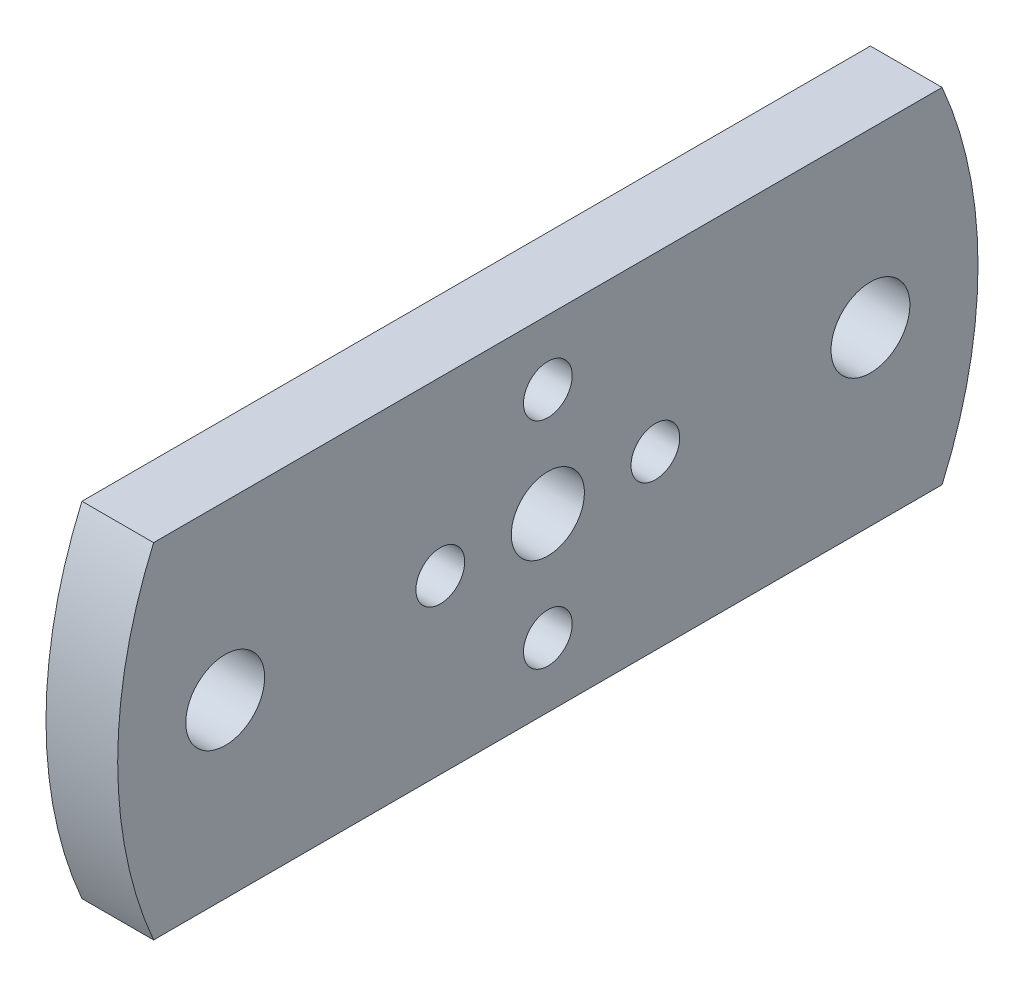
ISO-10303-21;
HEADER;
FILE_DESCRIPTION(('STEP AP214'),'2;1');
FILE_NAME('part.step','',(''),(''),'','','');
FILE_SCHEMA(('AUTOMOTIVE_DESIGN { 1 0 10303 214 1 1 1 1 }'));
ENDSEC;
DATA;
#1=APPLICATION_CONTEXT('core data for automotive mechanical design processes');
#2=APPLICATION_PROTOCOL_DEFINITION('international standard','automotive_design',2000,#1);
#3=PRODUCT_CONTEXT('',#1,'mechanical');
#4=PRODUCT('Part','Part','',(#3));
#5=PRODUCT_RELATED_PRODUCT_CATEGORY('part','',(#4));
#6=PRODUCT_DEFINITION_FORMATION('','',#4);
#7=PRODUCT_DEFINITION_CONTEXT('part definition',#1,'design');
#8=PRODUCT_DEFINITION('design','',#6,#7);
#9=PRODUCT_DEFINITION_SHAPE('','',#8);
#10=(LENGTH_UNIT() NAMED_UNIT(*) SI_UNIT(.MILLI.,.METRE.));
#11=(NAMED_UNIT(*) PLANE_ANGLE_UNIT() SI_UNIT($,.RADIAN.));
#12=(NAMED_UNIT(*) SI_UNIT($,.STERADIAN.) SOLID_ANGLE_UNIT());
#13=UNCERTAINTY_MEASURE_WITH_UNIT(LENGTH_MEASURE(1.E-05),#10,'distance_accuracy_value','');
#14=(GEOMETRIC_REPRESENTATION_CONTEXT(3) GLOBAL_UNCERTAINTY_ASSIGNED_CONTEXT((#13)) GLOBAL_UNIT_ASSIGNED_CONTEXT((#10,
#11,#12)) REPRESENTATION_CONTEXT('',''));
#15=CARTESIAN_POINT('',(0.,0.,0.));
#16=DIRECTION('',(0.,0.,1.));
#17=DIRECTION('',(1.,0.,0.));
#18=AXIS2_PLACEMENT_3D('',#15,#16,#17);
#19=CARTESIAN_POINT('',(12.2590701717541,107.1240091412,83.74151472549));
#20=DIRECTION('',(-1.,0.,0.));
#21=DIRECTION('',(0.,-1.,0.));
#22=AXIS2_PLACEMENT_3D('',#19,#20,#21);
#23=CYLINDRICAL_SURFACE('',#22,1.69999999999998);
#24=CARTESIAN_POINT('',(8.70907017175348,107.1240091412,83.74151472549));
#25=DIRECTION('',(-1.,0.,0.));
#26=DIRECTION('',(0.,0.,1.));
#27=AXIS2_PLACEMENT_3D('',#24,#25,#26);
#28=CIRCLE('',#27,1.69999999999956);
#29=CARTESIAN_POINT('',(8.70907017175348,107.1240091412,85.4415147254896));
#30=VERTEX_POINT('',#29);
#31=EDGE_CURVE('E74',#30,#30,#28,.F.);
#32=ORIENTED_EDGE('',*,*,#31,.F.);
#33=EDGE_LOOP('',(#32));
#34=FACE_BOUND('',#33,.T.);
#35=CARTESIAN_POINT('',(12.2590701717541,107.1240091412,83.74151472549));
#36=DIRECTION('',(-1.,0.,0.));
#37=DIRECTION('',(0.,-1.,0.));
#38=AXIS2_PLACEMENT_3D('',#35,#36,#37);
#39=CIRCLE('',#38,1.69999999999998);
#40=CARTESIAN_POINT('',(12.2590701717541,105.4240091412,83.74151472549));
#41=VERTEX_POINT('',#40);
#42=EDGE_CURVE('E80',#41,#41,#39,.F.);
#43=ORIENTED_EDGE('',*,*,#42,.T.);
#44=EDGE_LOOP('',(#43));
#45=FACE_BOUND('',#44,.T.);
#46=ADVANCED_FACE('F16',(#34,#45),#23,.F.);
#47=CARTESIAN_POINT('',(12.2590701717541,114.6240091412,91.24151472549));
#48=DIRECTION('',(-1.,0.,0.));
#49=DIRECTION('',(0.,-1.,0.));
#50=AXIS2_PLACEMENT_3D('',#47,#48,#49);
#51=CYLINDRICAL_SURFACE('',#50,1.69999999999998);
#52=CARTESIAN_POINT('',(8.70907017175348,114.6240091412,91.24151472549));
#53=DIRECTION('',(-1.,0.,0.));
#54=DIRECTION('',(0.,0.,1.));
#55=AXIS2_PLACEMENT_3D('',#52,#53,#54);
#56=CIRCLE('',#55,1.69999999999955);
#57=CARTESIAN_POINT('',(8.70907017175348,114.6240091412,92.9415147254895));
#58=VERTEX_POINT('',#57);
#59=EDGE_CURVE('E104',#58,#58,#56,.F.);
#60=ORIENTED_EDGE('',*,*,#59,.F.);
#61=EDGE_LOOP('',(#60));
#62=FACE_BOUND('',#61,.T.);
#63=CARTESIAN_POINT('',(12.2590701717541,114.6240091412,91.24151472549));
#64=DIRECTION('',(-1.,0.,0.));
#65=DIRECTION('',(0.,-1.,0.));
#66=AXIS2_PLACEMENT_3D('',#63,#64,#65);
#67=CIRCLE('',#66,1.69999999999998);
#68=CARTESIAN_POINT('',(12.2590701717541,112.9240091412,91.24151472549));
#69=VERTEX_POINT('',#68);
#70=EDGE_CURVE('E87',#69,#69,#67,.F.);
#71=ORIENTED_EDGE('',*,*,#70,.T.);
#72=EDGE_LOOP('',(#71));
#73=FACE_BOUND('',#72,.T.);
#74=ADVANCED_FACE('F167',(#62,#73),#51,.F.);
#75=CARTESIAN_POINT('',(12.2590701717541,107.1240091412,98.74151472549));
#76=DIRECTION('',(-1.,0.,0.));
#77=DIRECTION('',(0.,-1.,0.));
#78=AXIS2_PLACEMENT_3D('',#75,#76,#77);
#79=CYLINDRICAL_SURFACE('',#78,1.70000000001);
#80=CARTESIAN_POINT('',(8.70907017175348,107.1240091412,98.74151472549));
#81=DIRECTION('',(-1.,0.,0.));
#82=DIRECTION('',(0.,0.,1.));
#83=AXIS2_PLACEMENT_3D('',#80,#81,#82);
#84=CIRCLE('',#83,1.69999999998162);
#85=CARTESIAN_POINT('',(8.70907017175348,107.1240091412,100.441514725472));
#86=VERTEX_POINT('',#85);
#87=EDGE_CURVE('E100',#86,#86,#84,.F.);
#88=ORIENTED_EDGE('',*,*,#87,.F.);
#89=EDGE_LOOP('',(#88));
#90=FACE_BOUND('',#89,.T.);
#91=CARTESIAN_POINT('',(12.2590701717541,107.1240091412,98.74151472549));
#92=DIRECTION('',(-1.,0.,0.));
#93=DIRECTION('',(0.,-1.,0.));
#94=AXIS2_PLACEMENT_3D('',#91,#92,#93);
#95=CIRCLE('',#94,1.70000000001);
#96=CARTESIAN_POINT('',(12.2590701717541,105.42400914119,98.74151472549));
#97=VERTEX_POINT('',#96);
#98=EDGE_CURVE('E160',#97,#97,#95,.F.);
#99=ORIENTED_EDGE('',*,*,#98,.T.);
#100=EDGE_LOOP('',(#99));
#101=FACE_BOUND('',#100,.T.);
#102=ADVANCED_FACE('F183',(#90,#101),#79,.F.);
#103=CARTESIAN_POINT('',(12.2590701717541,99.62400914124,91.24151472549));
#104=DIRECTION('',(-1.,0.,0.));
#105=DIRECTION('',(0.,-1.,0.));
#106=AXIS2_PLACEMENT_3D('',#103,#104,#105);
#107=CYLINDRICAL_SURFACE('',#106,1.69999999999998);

******

▶ **Task to complete**:
The expected answer is the data retyped exactly, without pictures.

▶ **Answer space**:
ISO-10303-21;
HEADER;
FILE_DESCRIPTION(('STEP AP214'),'2;1');
FILE_NAME('part.step','',(''),(''),'','','');
FILE_SCHEMA(('AUTOMOTIVE_DESIGN { 1 0 10303 214 1 1 1 1 }'));
ENDSEC;
DATA;
#1=APPLICATION_CONTEXT('core data for automotive mechanical design processes');
#2=APPLICATION_PROTOCOL_DEFINITION('international standard','automotive_design',2000,#1);
#3=PRODUCT_CONTEXT('',#1,'mechanical');
#4=PRODUCT('Part','Part','',(#3));
#5=PRODUCT_RELATED_PRODUCT_CATEGORY('part','',(#4));
#6=PRODUCT_DEFINITION_FORMATION('','',#4);
#7=PRODUCT_DEFINITION_CONTEXT('part definition',#1,'design');
#8=PRODUCT_DEFINITION('design','',#6,#7);
#9=PRODUCT_DEFINITION_SHAPE('','',#8);
#10=(LENGTH_UNIT() NAMED_UNIT(*) SI_UNIT(.MILLI.,.METRE.));
#11=(NAMED_UNIT(*) PLANE_ANGLE_UNIT() SI_UNIT($,.RADIAN.));
#12=(NAMED_UNIT(*) SI_UNIT($,.STERADIAN.) SOLID_ANGLE_UNIT());
#13=UNCERTAINTY_MEASURE_WITH_UNIT(LENGTH_MEASURE(1.E-05),#10,'distance_accuracy_value','');
#14=(GEOMETRIC_REPRESENTATION_CONTEXT(3) GLOBAL_UNCERTAINTY_ASSIGNED_CONTEXT((#13)) GLOBAL_UNIT_ASSIGNED_CONTEXT((#10,
#11,#12)) REPRESENTATION_CONTEXT('',''));
#15=CARTESIAN_POINT('',(0.,0.,0.));
#16=DIRECTION('',(0.,0.,1.));
#17=DIRECTION('',(1.,0.,0.));
#18=AXIS2_PLACEMENT_3D('',#15,#16,#17);
#19=CARTESIAN_POINT('',(12.2590701717541,107.1240091412,83.74151472549));
#20=DIRECTION('',(-1.,0.,0.));
#21=DIRECTION('',(0.,-1.,0.));
#22=AXIS2_PLACEMENT_3D('',#19,#20,#21);
#23=CYLINDRICAL_SURFACE('',#22,1.69999999999998);
#24=CARTESIAN_POINT('',(8.70907017175348,107.1240091412,83.74151472549));
#25=DIRECTION('',(-1.,0.,0.));
#26=DIRECTION('',(0.,0.,1.));
#27=AXIS2_PLACEMENT_3D('',#24,#25,#26);
#28=CIRCLE('',#27,1.69999999999956);
#29=CARTESIAN_POINT('',(8.70907017175348,107.1240091412,85.4415147254896));
#30=VERTEX_POINT('',#29);
#31=EDGE_CURVE('E74',#30,#30,#28,.F.);
#32=ORIENTED_EDGE('',*,*,#31,.F.);
#33=EDGE_LOOP('',(#32));
#34=FACE_BOUND('',#33,.T.);
#35=CARTESIAN_POINT('',(12.2590701717541,107.1240091412,83.74151472549));
#36=DIRECTION('',(-1.,0.,0.));
#37=DIRECTION('',(0.,-1.,0.));
#38=AXIS2_PLACEMENT_3D('',#35,#36,#37);
#39=CIRCLE('',#38,1.69999999999998);
#40=CARTESIAN_POINT('',(12.2590701717541,105.4240091412,83.74151472549));
#41=VERTEX_POINT('',#40);
#42=EDGE_CURVE('E80',#41,#41,#39,.F.);
#43=ORIENTED_EDGE('',*,*,#42,.T.);
#44=EDGE_LOOP('',(#43));
#45=FACE_BOUND('',#44,.T.);
#46=ADVANCED_FACE('F16',(#34,#45),#23,.F.);
#47=CARTESIAN_POINT('',(12.2590701717541,114.6240091412,91.24151472549));
#48=DIRECTION('',(-1.,0.,0.));
#49=DIRECTION('',(0.,-1.,0.));
#50=AXIS2_PLACEMENT_3D('',#47,#48,#49);
#51=CYLINDRICAL_SURFACE('',#50,1.69999999999998);
#52=CARTESIAN_POINT('',(8.70907017175348,114.6240091412,91.24151472549));
#53=DIRECTION('',(-1.,0.,0.));
#54=DIRECTION('',(0.,0.,1.));
#55=AXIS2_PLACEMENT_3D('',#52,#53,#54);
#56=CIRCLE('',#55,1.69999999999955);
#57=CARTESIAN_POINT('',(8.70907017175348,114.6240091412,92.9415147254895));
#58=VERTEX_POINT('',#57);
#59=EDGE_CURVE('E104',#58,#58,#56,.F.);
#60=ORIENTED_EDGE('',*,*,#59,.F.);
#61=EDGE_LOOP('',(#60));
#62=FACE_BOUND('',#61,.T.);
#63=CARTESIAN_POINT('',(12.2590701717541,114.6240091412,91.24151472549));
#64=DIRECTION('',(-1.,0.,0.));
#65=DIRECTION('',(0.,-1.,0.));
#66=AXIS2_PLACEMENT_3D('',#63,#64,#65);
#67=CIRCLE('',#66,1.69999999999998);
#68=CARTESIAN_POINT('',(12.2590701717541,112.9240091412,91.24151472549));
#69=VERTEX_POINT('',#68);
#70=EDGE_CURVE('E87',#69,#69,#67,.F.);
#71=ORIENTED_EDGE('',*,*,#70,.T.);
#72=EDGE_LOOP('',(#71));
#73=FACE_BOUND('',#72,.T.);
#74=ADVANCED_FACE('F167',(#62,#73),#51,.F.);
#75=CARTESIAN_POINT('',(12.2590701717541,107.1240091412,98.74151472549));
#76=DIRECTION('',(-1.,0.,0.));
#77=DIRECTION('',(0.,-1.,0.));
#78=AXIS2_PLACEMENT_3D('',#75,#76,#77);
#79=CYLINDRICAL_SURFACE('',#78,1.70000000001);
#80=CARTESIAN_POINT('',(8.70907017175348,107.1240091412,98.74151472549));
#81=DIRECTION('',(-1.,0.,0.));
#82=DIRECTION('',(0.,0.,1.));
#83=AXIS2_PLACEMENT_3D('',#80,#81,#82);
#84=CIRCLE('',#83,1.69999999998162);
#85=CARTESIAN_POINT('',(8.70907017175348,107.1240091412,100.441514725472));
#86=VERTEX_POINT('',#85);
#87=EDGE_CURVE('E100',#86,#86,#84,.F.);
#88=ORIENTED_EDGE('',*,*,#87,.F.);
#89=EDGE_LOOP('',(#88));
#90=FACE_BOUND('',#89,.T.);
#91=CARTESIAN_POINT('',(12.2590701717541,107.1240091412,98.74151472549));
#92=DIRECTION('',(-1.,0.,0.));
#93=DIRECTION('',(0.,-1.,0.));
#94=AXIS2_PLACEMENT_3D('',#91,#92,#93);
#95=CIRCLE('',#94,1.70000000001);
#96=CARTESIAN_POINT('',(12.2590701717541,105.42400914119,98.74151472549));
#97=VERTEX_POINT('',#96);
#98=EDGE_CURVE('E160',#97,#97,#95,.F.);
#99=ORIENTED_EDGE('',*,*,#98,.T.);
#100=EDGE_LOOP('',(#99));
#101=FACE_BOUND('',#100,.T.);
#102=ADVANCED_FACE('F183',(#90,#101),#79,.F.);
#103=CARTESIAN_POINT('',(12.2590701717541,99.62400914124,91.24151472549));
#104=DIRECTION('',(-1.,0.,0.));
#105=DIRECTION('',(0.,-1.,0.));
#106=AXIS2_PLACEMENT_3D('',#103,#104,#105);
#107=CYLINDRICAL_SURFACE('',#106,1.69999999999998);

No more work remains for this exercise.